(Task to complete) Some lines in the entries contain the word "reliefentries". Copy all of them.

[[ Exercise data open ]]

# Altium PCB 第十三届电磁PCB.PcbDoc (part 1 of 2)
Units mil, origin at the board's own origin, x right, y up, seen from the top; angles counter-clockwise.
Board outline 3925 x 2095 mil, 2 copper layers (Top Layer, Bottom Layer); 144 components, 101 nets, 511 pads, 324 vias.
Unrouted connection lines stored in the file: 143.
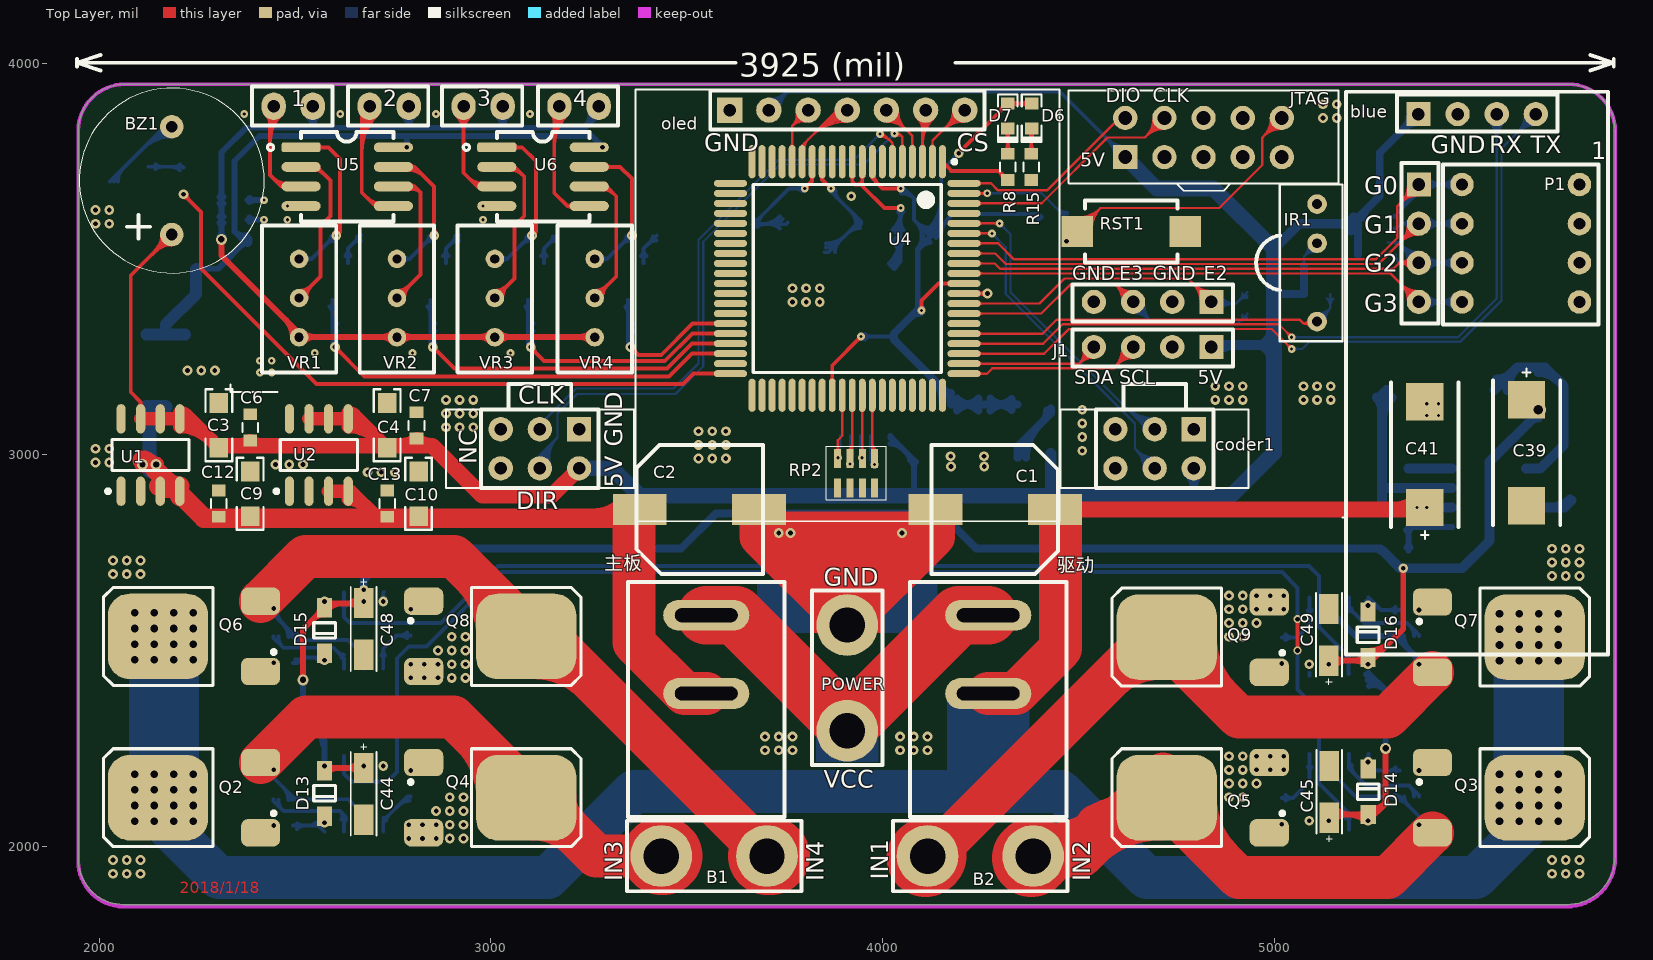
[diagram p0: Top Layer view]
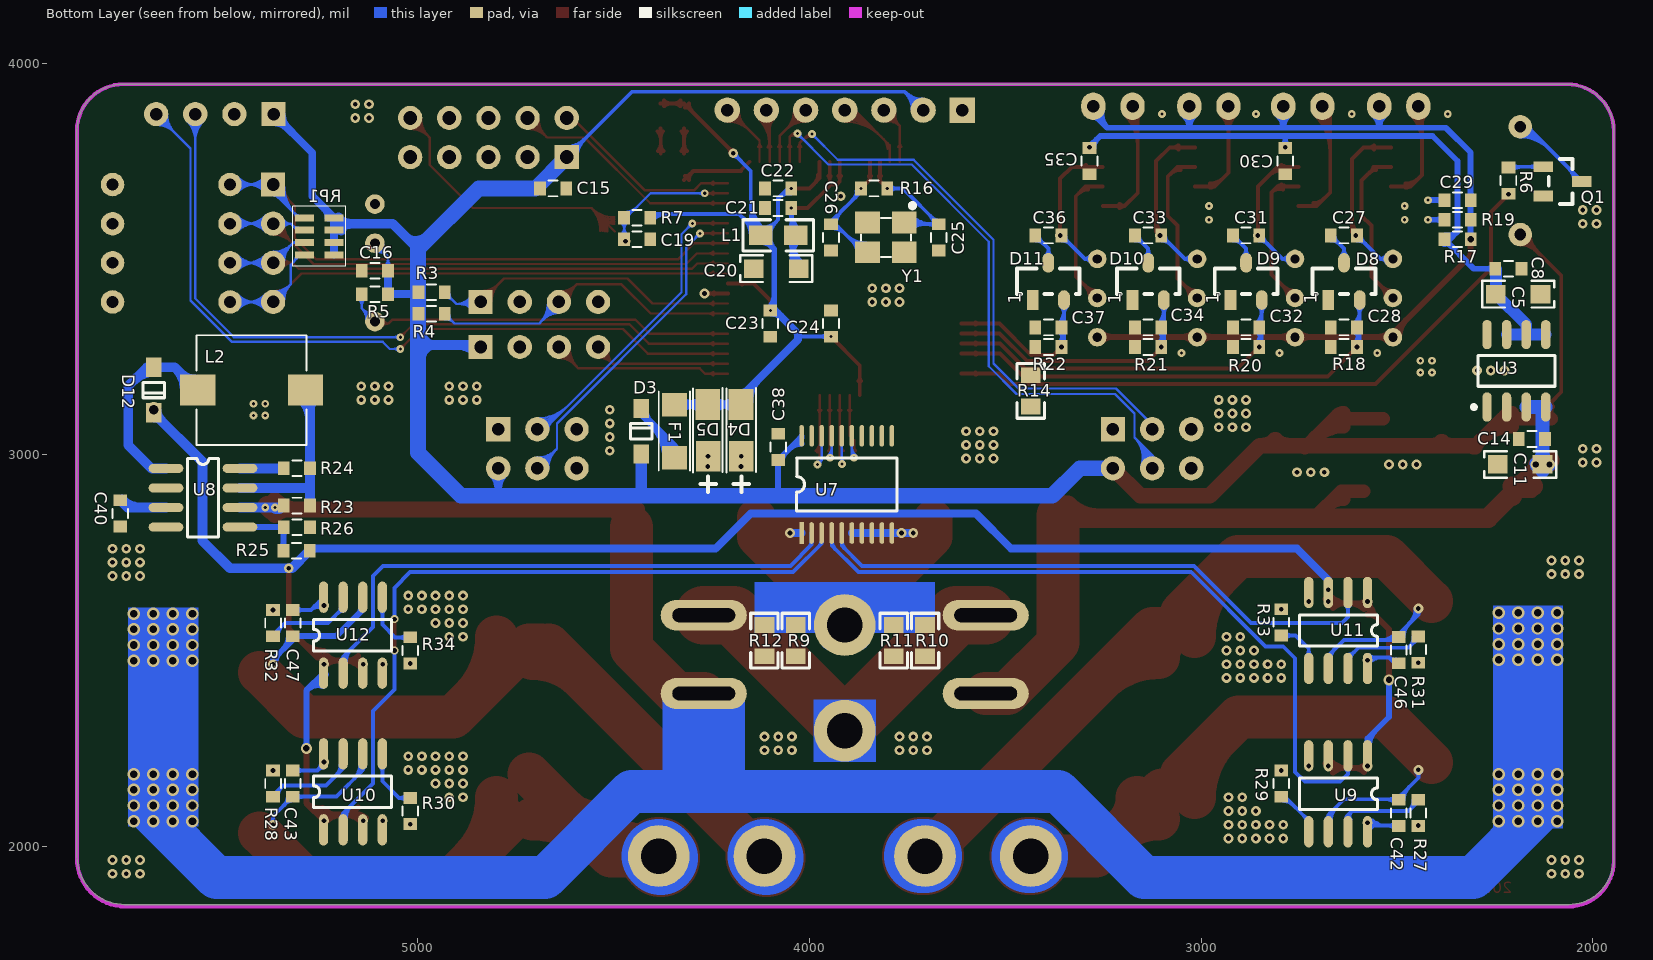
[diagram p1: Bottom Layer view, seen from below]

## Layer stack, top to bottom
Top Solder: solder mask 0.4, Solder Resist, Dk 3.5
Top Layer: signal copper 1.4
Dielectric1: dielectric 12.6, FR-4, Dk 4.8
Bottom Layer: signal copper 1.4
Bottom Solder: solder mask 0.4, Solder Resist, Dk 3.5

## Board outline
1946,1966.56 ccw(c2061.56,1966.56) 2061.56,1851 5748.38,1851 ccw(c5748.38,1973.62) 5871,1973.62 5871,3827.72 ccw(c5752.72,3827.72) 5752.72,3946 2064.76,3946 ccw(c2064.76,3827.24) 1946,3827.24

## Design rules (kind name [scope] priority, off if disabled: settings)
Clearance Clearance_P_Polygon [(InNamedPolygon('Top Layer-PGND') OR InNamedPolygon('Bottom Layer-PGND'))] p1: gap=15
Clearance Clearance_M_Polygon [InPolygon] p2: gap=8
Clearance [All] p3: gap=6
ComponentClearance [All] p1: gap=0 collisioncheckmode=3 verticalgap=0 showdistances=FALSE
PlaneConnect [All] p1: planeconnectstyle=Direct reliefexpansion=20 reliefentries=4 reliefconductorwidth=10 reliefairgap=10
PolygonConnect [All] p1: connectstyle=Direct reliefconductorwidth=10 reliefentries=4 polygonreliefangle="90 Angle" airgapwidth=10
RoutingVias [All] p1: holewidth=16 width=28 viastyle="Through Hole" minholewidth=12 minwidth=20 maxholewidth=28 maxwidth=35
SilkToSolderMaskClearance SilkscreenOverComponentPads [IsPad] p1: minsilkscreentomaskgap=10 clearancetoexposedcopper=TRUE
SolderMaskExpansion [All] p1: expansion=4
Width Width_5V [(InNet('5V') AND InNet('X5V'))] p1: maxlimit=50 minlimit=10 preferedwidth=35
Width [All] p2: maxlimit=200 minlimit=6 preferedwidth=6
26 further rules are at their usual default settings.

## Classes and differential pairs
component class 第十三届电磁Sheet: B1 B2 BZ1 C1 C2 C3 C4 C5 C6 C7 C8 C9 C10 C11 C12 C13 C14 C15 C16 C19 C20 C21 C22 C23 C24 C25 C26 C27 C28 C29 C30 C31 C32 C33 C34 C35 C36 C37 C38 C39 C40 C41 C42 C43 C44 C45 C46 C47 C48 C49 D3 D4 D5 D6 D7 D8 D9 D10 D11 D12 D13 D14 D15 D16 F1 IR1 J1 L1 L2 P1 POWER Q1 Q2 Q3 Q4 Q5 Q6 Q7 Q8 Q9 R3 R4 R5 R6 R7 R8 R9 R10 R11 R12 R14 R15 R16 R17 R18 R19 R20 R21 R22 R23 R24 R25 R26 R27 R28 R29 R30 R31 R32 R33 R34 RP1 RP2 RST1 U1 U2 U3 U4 U5 U6 U7 U8 U9 U10 U11 U12 VR1 VR2 VR3 VR4 Y1 主板 驱动

## Components (designator, comment, footprint, x,y, rotation, side; value= is the part's Value field where it differs from the comment)
B1 "Motor" KF301-2P 3570,1975 r270 top
B2 "Motor" KF301-2P 4250,1975 r90 top
blue "CON4" BLUETOOTH 5518.71,3870 r0 top (schematic designator Z-blue1)
BZ1 "BUZZ" BUZZ 2185,3700 r90 top
C1 "220uF" 铝电解电容10*10.2 4450,2860 r180 top
C2 "220uF" 铝电解电容10*10.2 3370,2860 r0 top
C3 "10uF" 3216 2305,3075 r90 top
C4 "10uF" 3216 2735,3075 r90 top
C5 "10uF" 3216 2190,3410 r180 bottom
C6 "100nF" 0603(1608) 2385,3070 r270 top
C7 "100nF" 0603(1608) 2810,3075 r270 top
C8 "100nF" 0603(1608) 2215,3475 r0 bottom
C9 "10uF" 3216 2385,2900 r90 top
C10 "10uF" 3216 2815,2900 r90 top
C11 "10uF" 3216 2185,2975 r0 bottom
C12 "100nF" 0603(1608) 2305,2875 r90 top
C13 "100nF" 0603(1608) 2735,2875 r270 top
C14 "100nF" 0603(1608) 2155,3040 r0 bottom
C15 "100nF" 0603(1608) 4655,3680 r0 bottom
C16 "100nF" 0603(1608) 5110,3470 r180 bottom
C19 "100nF" 0603(1608) 4440,3550 r180 bottom
C20 "10uF" 3216 4085,3475 r0 bottom
C21 "1nF" 0603(1608) 4080,3630 r180 bottom
C22 "100nF" 0603(1608) 4080,3680 r180 bottom
C23 "100nF" 0603(1608) 4100,3335 r90 bottom
C24 "100nF" 0603(1608) 3945,3335 r270 bottom
C25 "12pF" 0603(1608) 3670,3555 r90 bottom
C26 "12pF" 0603(1608) 3945,3555 r90 bottom
C27 "100nF" 0603(1608) 2635,3560 r180 bottom
C28 "100nF" 0603(1608) 2635,3325 r180 bottom
C29 "100nF" 0603(1608) 2345,3650 r0 bottom
C30 "100nF" 0603(1608) 2785,3750 r90 bottom
C31 "100nF" 0603(1608) 2885,3560 r180 bottom
C32 "100nF" 0603(1608) 2885,3325 r180 bottom
C33 "100nF" 0603(1608) 3135,3560 r180 bottom
C34 "100nF" 0603(1608) 3135,3325 r180 bottom
C35 "100nF" 0603(1608) 3285,3750 r90 bottom
C36 "100nF" 0603(1608) 3390,3560 r180 bottom
C37 "100nF" 0603(1608) 3390,3325 r180 bottom
C38 "100nF" 0603(1608) 4080,3020 r270 bottom
C39 "100uF" TAN-D7343 5645,3005 r270 top
C40 "470pF" 0603(1608) 5760,2850 r270 bottom
C41 "100uF" TAN-D7343 5385,3000 r90 top
C42 "1.5uF" 0603(1608) 2495,2085 r90 bottom
C43 "1.5uF" 0603(1608) 5320,2160 r270 bottom
C44 "10uF" Tan-A3216 2675,2134 r270 top
C45 "10uF" Tan-A3216 5141,2139 r90 top
C46 "1.5uF" 0603(1608) 2495,2501 r90 bottom
C47 "1.5uF" 0603(1608) 5320,2570 r270 bottom
C48 "10uF" Tan-A3216 2675,2555 r270 top
C49 "10uF" Tan-A3216 5140,2540 r90 top
coder1 "ENCODER" ENCODER 4795,3065 r270 top (schematic designator P-coder1)
D3 "IN5819" LC-SOD-123 4430,3060 r90 bottom
D4 "ZM4733" 稳压管 4174,3060 r90 bottom
D5 "ZM4733" 稳压管 4259,3060 r90 bottom
D6 "LED" 0603LED 4381,3865 r270 top
D7 "LED" 0603LED 4320,3865 r270 top
D8 "BAT54S" SOT23 2675,3395 r180 bottom
D9 "BAT54S" SOT23 2925,3395 r180 bottom
D10 "BAT54S" SOT23 3175,3395 r180 bottom
D11 "BAT54S" SOT23 3430,3395 r180 bottom
D12 "IN5819" LC-SOD-123 5675,3165 r270 bottom
D13 "IN5819" LC-SOD-123 2575,2135 r270 top
D14 "IN5819" LC-SOD-123 5241,2139 r90 top
D15 "IN5819" LC-SOD-123 2575,2551 r270 top
D16 "IN5819" LC-SOD-123 5240,2540 r90 top
F1 "350mA" FUSE-1206 4345,3060 r90 bottom
IR1 "IR" HS0038 5110,3640 r270 top
J1 "CON4" CON4-1 4840,3275 r180 top
J2 "CON2" CON2 2445,3890 r0 top
J3 "CON2" CON2 2690,3890 r0 top
J4 "CON2" CON2 2930,3890 r0 top
J5 "CON2" CON2 3175,3890 r0 top
J_debug1 "CON4" CON4-1 5370,3690 r270 top
JTAG "JTAG" IDC5X2 4820,3810 r0 top (schematic designator JTAG1)
L1 "1000ohm" "0805 - duplicate" 4080,3560 r0 bottom
L2 "330uH" 贴片电感7*7*4 5425,3165 r0 bottom
oled "CON7" CON7_OLED 3910,3880 r0 top (schematic designator Z-oled1)
P1 "侧拨4P" 侧拨4P 5780,3290 r180 top
P-coder2 "ENCODER" ENCODER 3225,3065 r270 top
POWER "电源接口" KF301-2P 3910,2430 r180 top
Q1 "NPNS9013" LC-SOT-23(SOT-23-3) 2055,3700 r180 bottom
Q2 "IR7843" LR7843 2270,2124 r0 top
Q3 "IR7843" LR7843 5546,2124 r180 top
Q4 "IR7843" "LR7843 - no via" 2970,2124 r180 top
Q5 "IR7843" "LR7843 - no via" 4846,2124 r0 top
Q6 "IR7843" LR7843 2270,2536 r0 top
Q7 "IR7843" LR7843 5546,2534 r180 top
Q8 "IR7843" "LR7843 - no via" 2970,2536 r180 top
Q9 "IR7843" "LR7843 - no via" 4846,2534 r0 top
R3 "3.3K" 0603(1608) 4965,3415 r0 bottom
R4 "3.3K" 0603(1608) 4965,3360 r0 bottom
R5 "10K" 0603(1608) 5110,3410 r180 bottom
R6 "1K" 0603(1608) 2215,3700 r270 bottom
R7 "4.7K" 0603(1608) 4440,3605 r0 bottom
R8 "10K" 0603(1608) 4380,3735 r270 top
R9 "0R" 0805(2012) 4035,2525 r90 bottom
R10 "0R" 0805(2012) 3705,2525 r90 bottom
R11 "0R" 0805(2012) 3785,2525 r90 bottom
R12 "0R" 0805(2012) 4115,2525 r90 bottom
R14 "0R" 0805(2012) 3435,3163 r270 bottom
R15 "10K" 0603(1608) 4320,3735 r270 top
R16 "1M" 0603(1608) 3835,3680 r0 bottom
R17 "10k" 0603(1608) 2345,3550 r0 bottom
R18 "100k" 0603(1608) 2635,3275 r180 bottom
R19 "10k" 0603(1608) 2345,3600 r180 bottom
R20 "100k" 0603(1608) 2885,3275 r180 bottom
R21 "100k" 0603(1608) 3135,3275 r180 bottom
R22 "100k" 0603(1608) 3390,3275 r180 bottom
R23 "0.22R" 0603(1608) 5309,2870 r0 bottom
R24 "180R" 0603(1608) 5309,2965 r180 bottom
R25 "10K" 0603(1608) 5310,2755 r0 bottom
R26 "1K" 0603(1608) 5309,2815 r0 bottom
R27 "10R" 0603(1608) 2445,2085 r270 bottom
R28 "10R" 0603(1608) 5370,2160 r90 bottom
R29 "10R" 0603(1608) 2795,2160 r90 bottom
R30 "10R" 0603(1608) 5020,2090 r270 bottom
R31 "10R" 0603(1608) 2445,2502 r270 bottom
R32 "10R" 0603(1608) 5370,2570 r90 bottom
R33 "10R" 0603(1608) 2795,2572 r90 bottom
R34 "10R" 0603(1608) 5020,2500 r270 bottom
REED1 "CON4" CON4-1 4840,3390 r180 top
RP1 "10K" RA_8#1 5290,3605 r180 bottom
RP2 "10K" RA_8#2 3980,2915 r90 top
RST1 "SW-PB" SMT_BUTTON 4635,3570 r0 top
U1 "TPS7350" SOIC-8 2130,3000 r90 top
U2 "TPS7350" SOIC-8 2560,3000 r90 top
U3 "TPS7350" SOIC-8 2195,3215 r90 bottom
U4 "KEA128" LQFP-80M 3910,3450 r270 top
U5 "opa2350" SO8 2515,3785 r0 top
U6 "opa2350" SO8 3015,3785 r0 top
U7 "74LVC245" "74LVC245 TSSOP" 4020,2800 r90 bottom
U8 "MC34063" MC34063 5549,2890 r180 bottom
U9 "IR2104S" IR2104 2650,2134 r270 bottom
U10 "IR2104S" IR2104 5166,2139 r90 bottom
U11 "IR2104S" IR2104 2650,2551 r270 bottom
U12 "IR2104S" IR2104 5166,2539 r90 bottom
VR1 "500K" 电位器 2510,3500 r270 top
VR2 "500K" 电位器 2760,3500 r270 top
VR3 "500K" 电位器 3010,3500 r270 top
VR4 "500K" 电位器 3265,3500 r270 top
Y1 "CRYSTAL" LC-SMD-3225_4P 3805,3555 r0 bottom
主板 "主板开关" 船型开关-small 3550,2300 r0 top (schematic designator 主板开关1)
驱动 "驱动开关" 船型开关-small 4270,2300 r0 top (schematic designator 驱动开关1)

## Footprints (in the part's own frame and the unit in brackets; to place one, negate y for a bottom-side part, rotate by r counter-clockwise, add the part's x,y. Pads: shape width x height; smd on the part's side, far side on the other; paste and mask are expansions set on the pad)
"74LVC245 TSSOP" [mm]
  rect 1.4x0.3 smd: 1(0,0)
  oval 1.4x0.3 smd: 2(0,-0.65) 3(0,-1.3) 4(0,-1.95) 5(0,-2.6) 6(0,-3.25) 7(0,-3.9) 8(0,-4.55) 9(0,-5.2) 10(0,-5.85) 11(6.3,-5.85) 12(6.3,-5.2) 13(6.3,-4.55) 14(6.3,-3.9) 15(6.3,-3.25) 16(6.3,-2.6) 17(6.3,-1.95) 18(6.3,-1.3) 19(6.3,-0.65) 20(6.3,0)
  silkscreen extent 1.43,-6.17 4.87,0.33
0603(1608) [mil]
  rect 30x35 smd: 1(-33.5,0) 2(33.5,0)
  silkscreen extent -12,-20 12,20
0603LED [mil]
  rect 30x35 smd: 1(-32,0) 2(32,0)
  silkscreen extent -55,-25 66,25
"0805 - duplicate" [mil]
  rect 60x50 smd: 1(-45,0) 2(45,0)
  silkscreen extent -90,-40 90,40
0805(2012) [mil]
  rect 40x50 smd: 1(-40,0) 2(40,0)
  silkscreen extent -70,-35 70,35
3216 [mil]
  rect 50x47.24 smd: 1(-57,0) 2(57,0)
  silkscreen extent -92,-34 92,34
BLUETOOTH [mil]
  rect 62x62 hole 32: 1(-150,0)
  round 62 hole 32: 2(-50,0) 3(50,0) 4(150,0)
  silkscreen extent -335,-1380 334,57
BUZZ [mil]
  round 60 hole 30: 1(-137.8,0) 2(137.8,0)
  silkscreen extent -236,-236 236,236
CON2 [mil]
  oval 62x70 hole 32: 1(0,0) 2(100,0)
  silkscreen extent -55,-49 150,50
CON4-1 [mil]
  rect 62x62 hole 32: 1(0,0)
  round 62 hole 32: 2(100,0) 3(200,0) 4(300,0)
  silkscreen extent -55,-45 355,50
CON7_OLED [mil]
  rect 65x65 hole 32: 1(-300,0)
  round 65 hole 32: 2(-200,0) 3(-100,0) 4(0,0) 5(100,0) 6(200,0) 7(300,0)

[[ Exercise data closed ]]

(Answer box)
PlaneConnect [All] p1: planeconnectstyle=Direct reliefexpansion=20 reliefentries=4 reliefconductorwidth=10 reliefairgap=10
PolygonConnect [All] p1: connectstyle=Direct reliefconductorwidth=10 reliefentries=4 polygonreliefangle="90 Angle" airgapwidth=10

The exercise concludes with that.